Big Data and the Data Warehouse

So you have a traditional data warehouse and heavily invested BI implementation. You have critical business reports running every day. However with the advent of Big Data you are wondering what you should do with your enterprise data warehouse and BI tools?

The truth is that Big Data is NOT a substitute for Data Warehouse and BI. At least yet. In the future BI tools will probably mature to do all that they can do with data warehouses and OLTP today, but we are not there yet. Today Big Data should be used to augment the data warehouse , not replace it. Here is how both systems can co-exist

  • Keep your structured summarized ETLd data in your enterprise data warehouse as is.
  • Use Big Data systems like Hadoop to store massive amounts of unstructured data like logs, social media content, reviews, comments, text etc.
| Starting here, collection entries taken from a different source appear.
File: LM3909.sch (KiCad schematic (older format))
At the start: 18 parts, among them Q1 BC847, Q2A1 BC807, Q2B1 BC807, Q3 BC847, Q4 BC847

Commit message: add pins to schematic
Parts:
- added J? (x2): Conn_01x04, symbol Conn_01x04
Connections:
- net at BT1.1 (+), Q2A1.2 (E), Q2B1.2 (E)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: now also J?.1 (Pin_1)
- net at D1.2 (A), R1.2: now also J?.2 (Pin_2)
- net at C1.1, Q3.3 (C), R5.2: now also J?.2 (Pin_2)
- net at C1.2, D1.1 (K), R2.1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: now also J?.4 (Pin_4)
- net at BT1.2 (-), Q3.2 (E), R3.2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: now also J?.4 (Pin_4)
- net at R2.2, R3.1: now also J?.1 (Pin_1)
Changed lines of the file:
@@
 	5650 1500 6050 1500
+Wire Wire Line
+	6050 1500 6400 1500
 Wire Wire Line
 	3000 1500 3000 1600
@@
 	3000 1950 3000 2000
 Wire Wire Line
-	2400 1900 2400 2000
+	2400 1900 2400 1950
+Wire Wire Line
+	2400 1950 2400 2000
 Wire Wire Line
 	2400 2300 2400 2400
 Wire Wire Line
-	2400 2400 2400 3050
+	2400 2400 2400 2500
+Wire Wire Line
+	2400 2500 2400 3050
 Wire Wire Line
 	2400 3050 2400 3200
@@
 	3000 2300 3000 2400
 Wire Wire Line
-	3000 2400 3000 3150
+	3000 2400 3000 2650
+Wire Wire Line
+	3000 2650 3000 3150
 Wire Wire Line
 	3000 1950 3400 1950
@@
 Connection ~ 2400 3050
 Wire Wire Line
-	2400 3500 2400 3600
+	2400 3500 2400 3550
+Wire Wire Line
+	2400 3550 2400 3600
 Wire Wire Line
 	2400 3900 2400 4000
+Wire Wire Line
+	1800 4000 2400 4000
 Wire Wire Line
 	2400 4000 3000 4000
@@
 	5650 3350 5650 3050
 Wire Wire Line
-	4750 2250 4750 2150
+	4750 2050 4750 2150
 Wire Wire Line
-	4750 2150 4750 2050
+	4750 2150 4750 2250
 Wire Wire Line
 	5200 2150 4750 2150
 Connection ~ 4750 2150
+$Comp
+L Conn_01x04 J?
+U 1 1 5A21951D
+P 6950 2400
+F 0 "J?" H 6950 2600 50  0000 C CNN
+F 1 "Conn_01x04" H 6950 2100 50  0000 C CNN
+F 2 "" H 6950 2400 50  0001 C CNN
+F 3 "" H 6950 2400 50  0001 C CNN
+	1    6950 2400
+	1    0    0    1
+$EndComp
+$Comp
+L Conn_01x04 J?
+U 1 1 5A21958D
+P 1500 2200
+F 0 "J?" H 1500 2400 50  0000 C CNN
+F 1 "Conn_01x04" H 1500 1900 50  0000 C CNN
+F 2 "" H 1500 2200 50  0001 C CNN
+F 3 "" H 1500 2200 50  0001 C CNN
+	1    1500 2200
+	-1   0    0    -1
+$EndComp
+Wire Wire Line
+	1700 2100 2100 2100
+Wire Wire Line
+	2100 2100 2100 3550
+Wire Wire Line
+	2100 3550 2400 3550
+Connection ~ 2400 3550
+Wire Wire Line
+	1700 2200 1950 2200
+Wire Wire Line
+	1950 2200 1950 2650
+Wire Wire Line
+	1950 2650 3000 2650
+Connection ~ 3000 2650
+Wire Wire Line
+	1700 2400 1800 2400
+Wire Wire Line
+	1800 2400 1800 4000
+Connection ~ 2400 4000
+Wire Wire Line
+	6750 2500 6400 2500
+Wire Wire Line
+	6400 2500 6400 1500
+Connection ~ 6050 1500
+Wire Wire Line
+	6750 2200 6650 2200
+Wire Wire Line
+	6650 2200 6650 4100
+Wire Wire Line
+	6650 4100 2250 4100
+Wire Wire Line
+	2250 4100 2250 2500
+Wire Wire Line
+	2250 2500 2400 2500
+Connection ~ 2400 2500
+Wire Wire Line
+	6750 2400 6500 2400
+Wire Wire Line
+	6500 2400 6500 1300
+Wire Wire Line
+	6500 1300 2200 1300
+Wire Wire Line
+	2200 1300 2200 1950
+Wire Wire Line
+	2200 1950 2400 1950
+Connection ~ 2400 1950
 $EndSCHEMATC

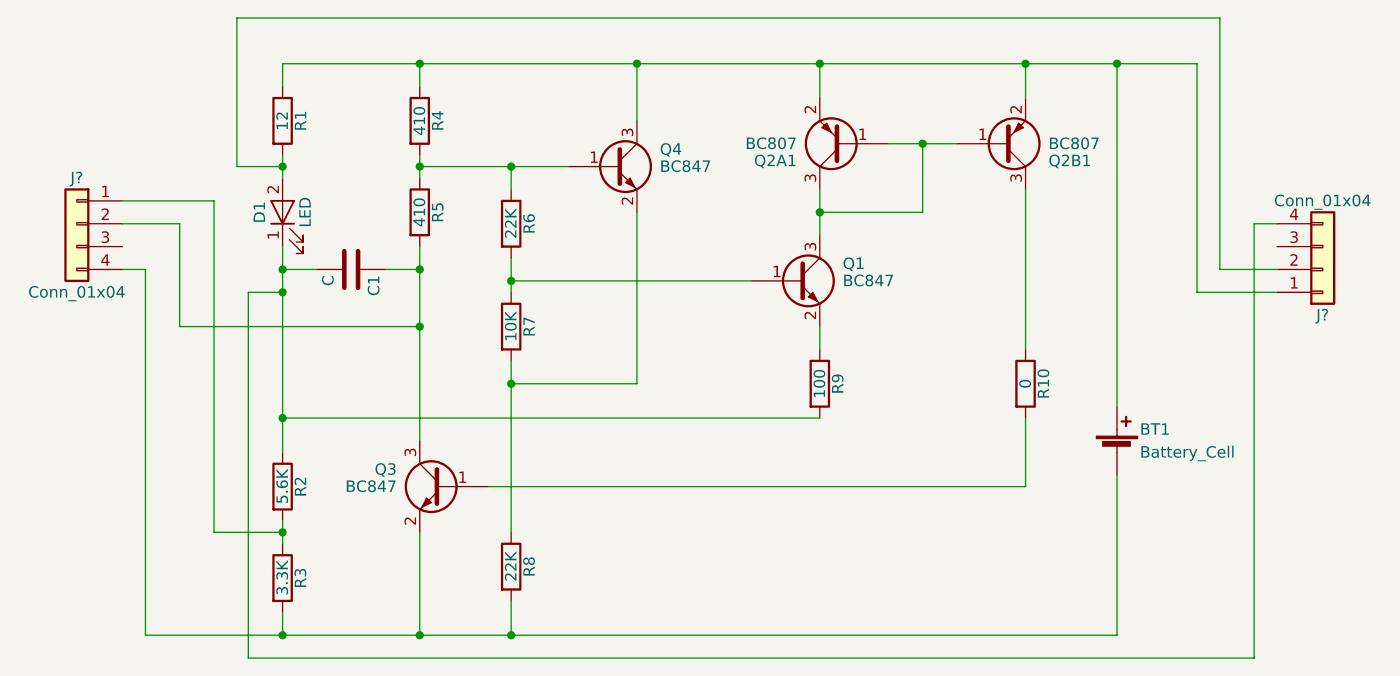
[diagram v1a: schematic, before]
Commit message: add through hole pin footprint
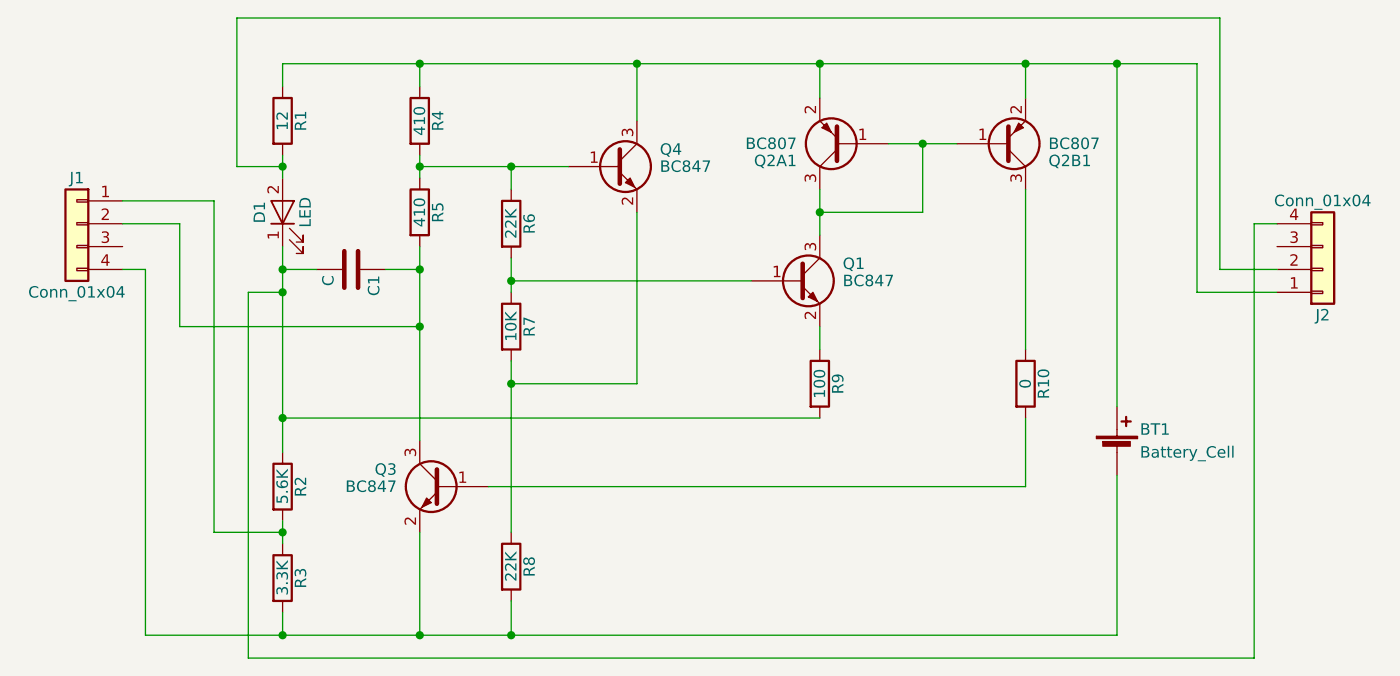
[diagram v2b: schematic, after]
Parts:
- J1, J2: renamed from J?; footprint (none) -> Pin_Headers:Pin_Header_Straight_1x04_Pitch2.54mm
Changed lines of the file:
@@
 	2400 1500 2400 1600
 Wire Wire Line
-	2400 1500 3000 1500
-Wire Wire Line
-	3000 1500 3950 1500
-Wire Wire Line
-	3950 1500 4750 1500
-Wire Wire Line
-	4750 1500 5650 1500
-Wire Wire Line
-	5650 1500 6050 1500
-Wire Wire Line
-	6050 1500 6400 1500
+	2400 1500 6400 1500
 Wire Wire Line
 	3000 1500 3000 1600
 Wire Wire Line
-	3000 1900 3000 1950
+	3000 1900 3000 2000
 Wire Wire Line
-	3000 1950 3000 2000
+	2400 1900 2400 2000
 Wire Wire Line
-	2400 1900 2400 1950
-Wire Wire Line
-	2400 1950 2400 2000
-Wire Wire Line
-	2400 2300 2400 2400
-Wire Wire Line
-	2400 2400 2400 2500
-Wire Wire Line
-	2400 2500 2400 3050
-Wire Wire Line
-	2400 3050 2400 3200
+	2400 2300 2400 3200
 Wire Wire Line
 	2400 2400 2550 2400
@@
 	2850 2400 3000 2400
 Wire Wire Line
-	3000 2300 3000 2400
+	3000 2300 3000 3150
 Wire Wire Line
-	3000 2400 3000 2650
-Wire Wire Line
-	3000 2650 3000 3150
-Wire Wire Line
-	3000 1950 3400 1950
-Wire Wire Line
-	3400 1950 3650 1950
+	3000 1950 3650 1950
 Connection ~ 3000 1950
 Wire Wire Line
@@
 Connection ~ 3400 1950
 Wire Wire Line
-	3400 2350 3400 2450
+	3400 2350 3400 2500
 Wire Wire Line
-	3400 2450 3400 2500
-Wire Wire Line
-	3400 2800 3400 2900
-Wire Wire Line
-	3400 2900 3400 3550
+	3400 2800 3400 3550
 Wire Wire Line
 	3400 2900 3950 2900
@@
 Connection ~ 2400 3050
 Wire Wire Line
-	2400 3500 2400 3550
-Wire Wire Line
-	2400 3550 2400 3600
+	2400 3500 2400 3600
 Wire Wire Line
 	2400 3900 2400 4000
 Wire Wire Line
-	1800 4000 2400 4000
-Wire Wire Line
-	2400 4000 3000 4000
-Wire Wire Line
-	3000 4000 3400 4000
-Wire Wire Line
-	3400 4000 6050 4000
+	1800 4000 6050 4000
 Wire Wire Line
 	3000 4000 3000 3550
@@
 Connection ~ 3400 2900
 Wire Wire Line
-	5050 1850 5200 1850
-Wire Wire Line
-	5200 1850 5350 1850
+	5050 1850 5350 1850
 Wire Wire Line
 	3950 1500 3950 1750
@@
 	5650 3350 5650 3050
 Wire Wire Line
-	4750 2050 4750 2150
-Wire Wire Line
-	4750 2150 4750 2250
+	4750 2050 4750 2250
 Wire Wire Line
 	5200 2150 4750 2150
 Connection ~ 4750 2150
 $Comp
-L Conn_01x04 J?
+L Conn_01x04 J2
 U 1 1 5A21951D
 P 6950 2400
-F 0 "J?" H 6950 2600 50  0000 C CNN
+F 0 "J2" H 6950 2600 50  0000 C CNN
 F 1 "Conn_01x04" H 6950 2100 50  0000 C CNN
-F 2 "" H 6950 2400 50  0001 C CNN
+F 2 "Pin_Headers:Pin_Header_Straight_1x04_Pitch2.54mm" H 6950 2400 50  0001 C CNN
 F 3 "" H 6950 2400 50  0001 C CNN
 	1    6950 2400
@@
 $EndComp
 $Comp
-L Conn_01x04 J?
+L Conn_01x04 J1
 U 1 1 5A21958D
 P 1500 2200
-F 0 "J?" H 1500 2400 50  0000 C CNN
+F 0 "J1" H 1500 2400 50  0000 C CNN
 F 1 "Conn_01x04" H 1500 1900 50  0000 C CNN
-F 2 "" H 1500 2200 50  0001 C CNN
+F 2 "Pin_Headers:Pin_Header_Straight_1x04_Pitch2.54mm" H 1500 2200 50  0001 C CNN
 F 3 "" H 1500 2200 50  0001 C CNN
 	1    1500 2200

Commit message: replace BC8*7 with MMBT390* transistors
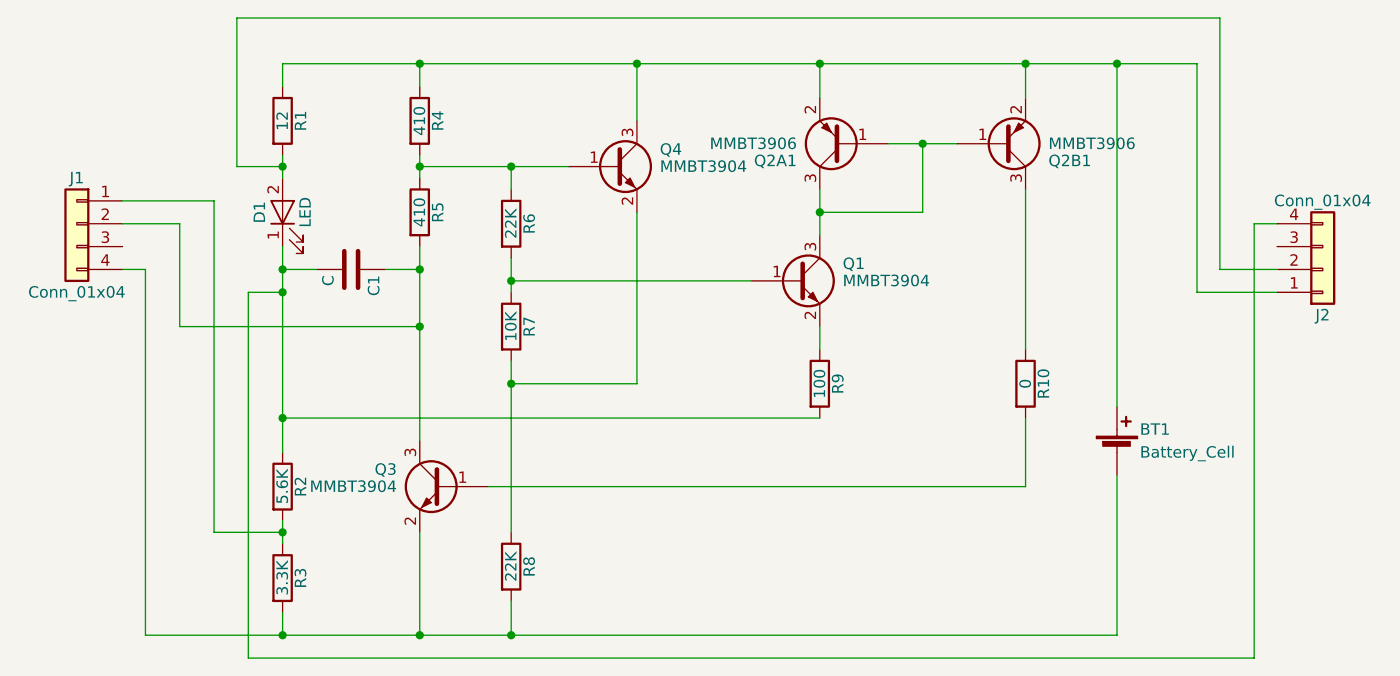
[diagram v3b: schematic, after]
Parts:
- removed Q1, Q3, Q4: BC847, TO_SOT_Packages_SMD:SOT-23, symbol BC847
- removed Q2A1, Q2B1: BC807, TO_SOT_Packages_SMD:SOT-23, symbol BC807
- added Q1, Q3, Q4: MMBT3904, TO_SOT_Packages_SMD:SOT-23, symbol MMBT3904
- added Q2A1, Q2B1: MMBT3906, TO_SOT_Packages_SMD:SOT-23, symbol MMBT3906
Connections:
- net at BT1.1 (+), J2.1 (Pin_1), R1.1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: now also Q2A1.2 (E), Q2B1.2 (E), Q4.3 (C)
- net at R4.2, R5.1, R6.1: now also Q4.1 (B)
- net at C1.1, J1.2 (Pin_2), R5.2: now also Q3.3 (C)
- net at R9.1: now also Q1.2 (E)
- net at R7.2, R8.1: now also Q4.2 (E)
- net at BT1.2 (-), J1.4 (Pin_4), R3.2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: now also Q3.2 (E)
- net at R6.2, R7.1: now also Q1.1 (B)
- net at R10.2: now also Q3.1 (B)
- net at R10.1: now also Q2B1.3 (C)
- new net: Q1.3 (C), Q2A1.1 (B), Q2A1.3 (C), Q2B1.1 (B)
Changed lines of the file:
@@
-$EndComp
-$Comp
-L BC847 Q4
-U 1 1 5A204D01
-P 3850 1950
-F 0 "Q4" H 4050 2025 50  0000 L CNN
-F 1 "BC847" H 4050 1950 50  0000 L CNN
-F 2 "TO_SOT_Packages_SMD:SOT-23" H 4050 1875 50  0001 L CIN
-F 3 "" H 3850 1950 50  0001 L CNN
-	1    3850 1950
-	1    0    0    -1
-$EndComp
-$Comp
-L BC847 Q1
-U 1 1 5A2054C7
-P 4650 2450
-F 0 "Q1" H 4850 2525 50  0000 L CNN
-F 1 "BC847" H 4850 2450 50  0000 L CNN
-F 2 "TO_SOT_Packages_SMD:SOT-23" H 4850 2375 50  0001 L CIN
-F 3 "" H 4650 2450 50  0001 L CNN
-	1    4650 2450
-	1    0    0    -1
-$EndComp
-$Comp
-L BC847 Q3
-U 1 1 5A205527
-P 3100 3350
-F 0 "Q3" H 3300 3425 50  0000 L CNN
-F 1 "BC847" H 3300 3350 50  0000 L CNN
-F 2 "TO_SOT_Packages_SMD:SOT-23" H 3300 3275 50  0001 L CIN
-F 3 "" H 3100 3350 50  0001 L CNN
-	1    3100 3350
-	-1   0    0    -1
-$EndComp
-$Comp
-L BC807 Q2B1
-U 1 1 5A205CDD
-P 5550 1850
-F 0 "Q2B1" H 5750 1925 50  0000 L CNN
-F 1 "BC807" H 5750 1850 50  0000 L CNN
-F 2 "TO_SOT_Packages_SMD:SOT-23" H 5750 1775 50  0001 L CIN
-F 3 "" H 5550 1850 50  0001 L CNN
-	1    5550 1850
-	1    0    0    1
-$EndComp
-$Comp
-L BC807 Q2A1
-U 1 1 5A205D5E
-P 4850 1850
-F 0 "Q2A1" H 5050 1925 50  0000 L CNN
-F 1 "BC807" H 5050 1850 50  0000 L CNN
-F 2 "TO_SOT_Packages_SMD:SOT-23" H 5050 1775 50  0001 L CIN
-F 3 "" H 4850 1850 50  0001 L CNN
-	1    4850 1850
-	-1   0    0    1
 $EndComp
 $Comp
@@
 	2200 1950 2400 1950
 Connection ~ 2400 1950
+$Comp
+L MMBT3904 Q4
+U 1 1 5A256999
+P 3850 1950
+F 0 "Q4" H 4050 2025 50  0000 L CNN
+F 1 "MMBT3904" H 4050 1950 50  0000 L CNN
+F 2 "TO_SOT_Packages_SMD:SOT-23" H 4050 1875 50  0001 L CIN
+F 3 "" H 3850 1950 50  0001 L CNN
+	1    3850 1950
+	1    0    0    -1
+$EndComp
+$Comp
+L MMBT3904 Q1
+U 1 1 5A256DC3
+P 4650 2450
+F 0 "Q1" H 4850 2525 50  0000 L CNN
+F 1 "MMBT3904" H 4850 2450 50  0000 L CNN
+F 2 "TO_SOT_Packages_SMD:SOT-23" H 4850 2375 50  0001 L CIN
+F 3 "" H 4650 2450 50  0001 L CNN
+	1    4650 2450
+	1    0    0    -1
+$EndComp
+$Comp
+L MMBT3904 Q3
+U 1 1 5A256E35
+P 3100 3350
+F 0 "Q3" H 3300 3425 50  0000 L CNN
+F 1 "MMBT3904" H 3300 3350 50  0000 L CNN
+F 2 "TO_SOT_Packages_SMD:SOT-23" H 3300 3275 50  0001 L CIN
+F 3 "" H 3100 3350 50  0001 L CNN
+	1    3100 3350
+	-1   0    0    -1
+$EndComp
+$Comp
+L MMBT3906 Q2A1
+U 1 1 5A2571F4
+P 4850 1850
+F 0 "Q2A1" H 5050 1925 50  0000 L CNN
+F 1 "MMBT3906" H 5050 1850 50  0000 L CNN
+F 2 "TO_SOT_Packages_SMD:SOT-23" H 5050 1775 50  0001 L CIN
+F 3 "" H 4850 1850 50  0001 L CNN
+	1    4850 1850
+	-1   0    0    1
+$EndComp
+$Comp
+L MMBT3906 Q2B1
+U 1 1 5A25759B
+P 5550 1850
+F 0 "Q2B1" H 5750 1925 50  0000 L CNN
+F 1 "MMBT3906" H 5750 1850 50  0000 L CNN
+F 2 "TO_SOT_Packages_SMD:SOT-23" H 5750 1775 50  0001 L CIN
+F 3 "" H 5550 1850 50  0001 L CNN
+	1    5550 1850
+	1    0    0    1
+$EndComp
 $EndSCHEMATC

The Big Data systems have the ability to store and process massive amounts of data on commodity hardware and scale really well. Hence the Big Data system becomes an archive of data.
  • Analyze your Big Data using HBase/Hive, extract meaningful stuff from it and put it in the warehouse to report against it.
  • Use the warehouse to bring together structured data and filtered unstructured data from across the enterprise to offer accurate Business Intelligence.

An example, lets say you are an online retail company and traditionally stored structured information like orders, customer accounts etc, in the data warehouse. Now there is a flood of new unstructured data like reviews, comments, product description, social media data from customers .. If you had to store all that in the database it would be very very costly. But you don’t want to throw them away either since your never know what you will need. So dump all of that unstructured data in a Big Data file system. Derive the pieces needed and batch load them into the warehouse. Now you can use your BI tools to report against combined structured and unstructured data that have been put in dimensional data marts or OLAP cubes. The BI tools available today work well against dimensional marts and cubes providing a rich set of function and capability for reporting and ad hoc querying.

Remember Big Data tools and skills are specialized and emerging. Hence a consulting engagement for a Big Data project is bound to be expensive. Hence know the problems you want to solve with Big Data and don’t try to replace your heavily invested enterprise data warehouse with Hadoop!